## EXERCISE BRIEF
Please take the lines from the one holding "circle A7 centre (81.271, 0) radius 4" through the one holding "diameter of A6" in the data below and copy them exactly.

══════════════════════════════

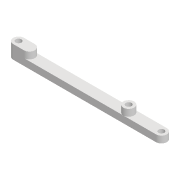
# Autodesk Inventor part: Part_2
Saved by Autodesk Inventor 2022 (Build 260153000, 153)
## iProperties
Created: 2022-04-21
Part Number: Part_2
Material: Generic
Document SubType Name: Modeling
Designer: dell
Density: 1 g/cm^3
Appearance: Default
Author: dell
Autodesk Inventor part; units mm, degrees
ref_plane "YZ Plane" through (0, 0, 0) normal (1, 0, 0) x (0, 1, 0)
ref_plane "XZ Plane" through (0, 0, 0) normal (0, 1, 0) x (-1, 0, 0)
ref_plane "XY Plane" through (0, 0, 0) normal (0, 0, 1) x (1, 0, 0)
sketch "Sketch1" plane through (0, 0, 0) normal (0, 1, 0) x (-1, 0, 0)
  line L0 (0, 0) -> (-105.445, 0) construction
  line L1 (0, 4) -> (-105.445, 4)
  line L2 (-105.445, -4) -> (0, -4)
  arc A0 (0, -4) -> (0, 4) centre (0, 0) ccw
  arc A1 (-105.445, 4) -> (-105.445, -4) centre (-105.445, 0) ccw
  circle A2 centre (0, 0) radius 2.1
  circle A3 centre (-81.271, 0) radius 2.1
  circle A4 centre (-105.445, 0) radius 2.1
  point P0 (-52.7225, 0)
  point P1 (-52.7225, 0)
  dimension "d0" = 105.445
  dimension "d1" = 8
  dimension "d2" = 4.2
  dimension "d8" = 4.2
  dimension "d9" = 81.271
  dimension "d10" = 4.2
  constraints: 8 end point, 5 centre point, 4 point on circle, 4 tangent, 2 coincident, 1 horizontal, 1 midpoint, 1 parallel, 1 point on line
  measures "d0" distance of L0.end L0.start
  measures "d1" distance between parallel lines of L1 L2
  measures "d2" diameter of A2
  measures "d8" diameter of A3
  measures "d9" distance of L0.start A3.centre
  measures "d10" diameter of A4
extrude "Extrusion1" add sketch "Sketch1" along normal blind 5
sketch "Sketch2" plane through (0, 5, 0) normal (0, 1, 0) x (1, 0, 0)
  arc A0 (105.445, -4) -> (105.445, 4) centre (105.445, 0) ccw projected
  line L0 (105.445, 4) -> (0, 4) projected
  arc A1 (0, 4) -> (0, -4) centre (0, 0) ccw projected
  line L1 (0, -4) -> (105.445, -4) projected
  circle A2 centre (81.271, 0) radius 2.1 projected
  circle A3 centre (105.445, 0) radius 2.1 projected
  circle A4 centre (0, 0) radius 2.1 projected
  circle A5 centre (8, 0) radius 4
  line L2 (0, -4) -> (105.445, -4) projected
  circle A6 centre (97.445, 0) radius 4
  circle A7 centre (81.271, 0) radius 4
  point P0 (97.445, -4)
  point P1 (97.445, 4)
  point P2 (8, -4)
  point P3 (8, 4)
  dimension "d11" = 8
  dimension "d12" = 8
  dimension "d13" = 8
  dimension "d28" = 8
  constraints: 3 centre point, 1 coincident, 1 tangent
  measures "d11" distance of point (0, 0) A5.centre
  measures "d12" diameter of A6
  measures "d13" distance of A0.centre A6.centre
  measures "d28" diameter of A7
extrude "Extrusion7" add sketch "Sketch2" along normal blind 5 contours A7 | L1 A1 L0 A5 | A5
body "Solid1"
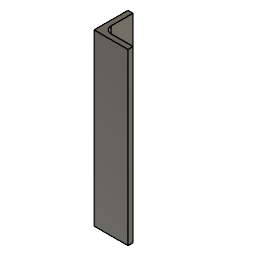
L-20×20×3 (Autodesk Fusion 360 design; units mm, degrees)
Autodesk Fusion 360 part; units mm, degrees
sketch "スケッチ1" plane through (0, 0, 0) normal (0, 0, 1) x (1, 0, 0)
  line L0 (0, 20) -> (0, 0)
  line L1 (3, 7) -> (3, 20)
  arc A0 (3, 7) -> (7, 3) centre (7, 7) ccw
  line L2 (0, 0) -> (20, 0)
  line L3 (20, 3) -> (7, 3)
  line L4 (20, 0) -> (20, 3)
  line L5 (3, 20) -> (0, 20)
extrude "押し出し1" add sketch "スケッチ1" along normal blind 100
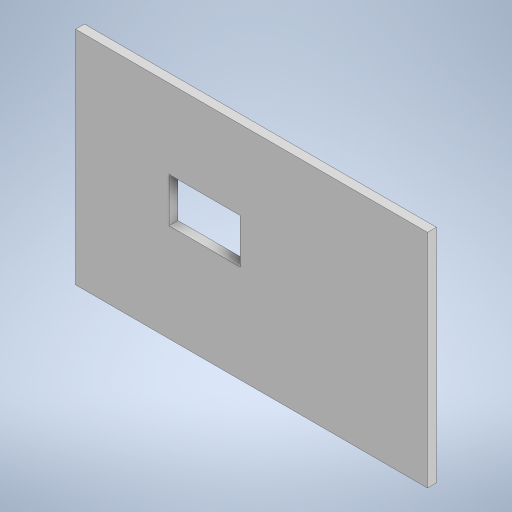
# Autodesk Inventor part: BoxCotout
Saved by Autodesk Inventor 2024.2 (Build 282272000, 272)
## iProperties
Created: 2024-08-07
Part Number: BoxCotout
Material: Generic
Document SubType Name: Modeling
Designer: UCadmin2
Density: 1 g/cm^3
Appearance: Default
Author: UCadmin2
Autodesk Inventor part; units mm, degrees
ref_plane "YZ Plane" through (0, 0, 0) normal (1, 0, 0) x (0, 1, 0)
ref_plane "XZ Plane" through (0, 0, 0) normal (0, 1, 0) x (-1, 0, 0)
ref_plane "XY Plane" through (0, 0, 0) normal (0, 0, 1) x (1, 0, 0)
sketch "Sketch1" plane through (0, 0, 0) normal (0, 0, 1) x (1, 0, 0)
  line L0 (0, 0) -> (80, 0)
  line L1 (80, 0) -> (80, 50)
  line L2 (80, 50) -> (0, 50)
  line L3 (0, 50) -> (0, 0)
  line L4 (290.5534, -110) -> (-105, -110)
  line L5 (-105, -110) -> (-105, 138.8647)
  line L6 (-105, 138.8647) -> (290.5534, 138.8647)
  line L7 (290.5534, 138.8647) -> (290.5534, -110)
  line L8 (290.5534, -110) -> (-105, 138.8647) construction
  line L9 (-105, -110) -> (290.5534, 138.8647) construction
  point P0 (92.7767, 14.4323)
  dimension "d0" = 80
  dimension "d1" = 50
  dimension "d4" = 105
  dimension "d5" = 110
  constraints: 20 end point, 4 parallel, 2 horizontal, 2 midpoint, 2 perpendicular
  measures "d0" distance of L2.end L1.end
  measures "d1" distance of L1.end L0.end
  measures "d4" distance between parallel lines of L3 L5
  measures "d5" distance between parallel lines of L0 L4
extrude "Extrusion1" add sketch "Sketch1" along normal blind 10
body "Solid1"

══════════════════════════════

## THE ANSWER
  circle A7 centre (81.271, 0) radius 4
  point P0 (97.445, -4)
  point P1 (97.445, 4)
  point P2 (8, -4)
  point P3 (8, 4)
  dimension "d11" = 8
  dimension "d12" = 8
  dimension "d13" = 8
  dimension "d28" = 8
  constraints: 3 centre point, 1 coincident, 1 tangent
  measures "d11" distance of point (0, 0) A5.centre
  measures "d12" diameter of A6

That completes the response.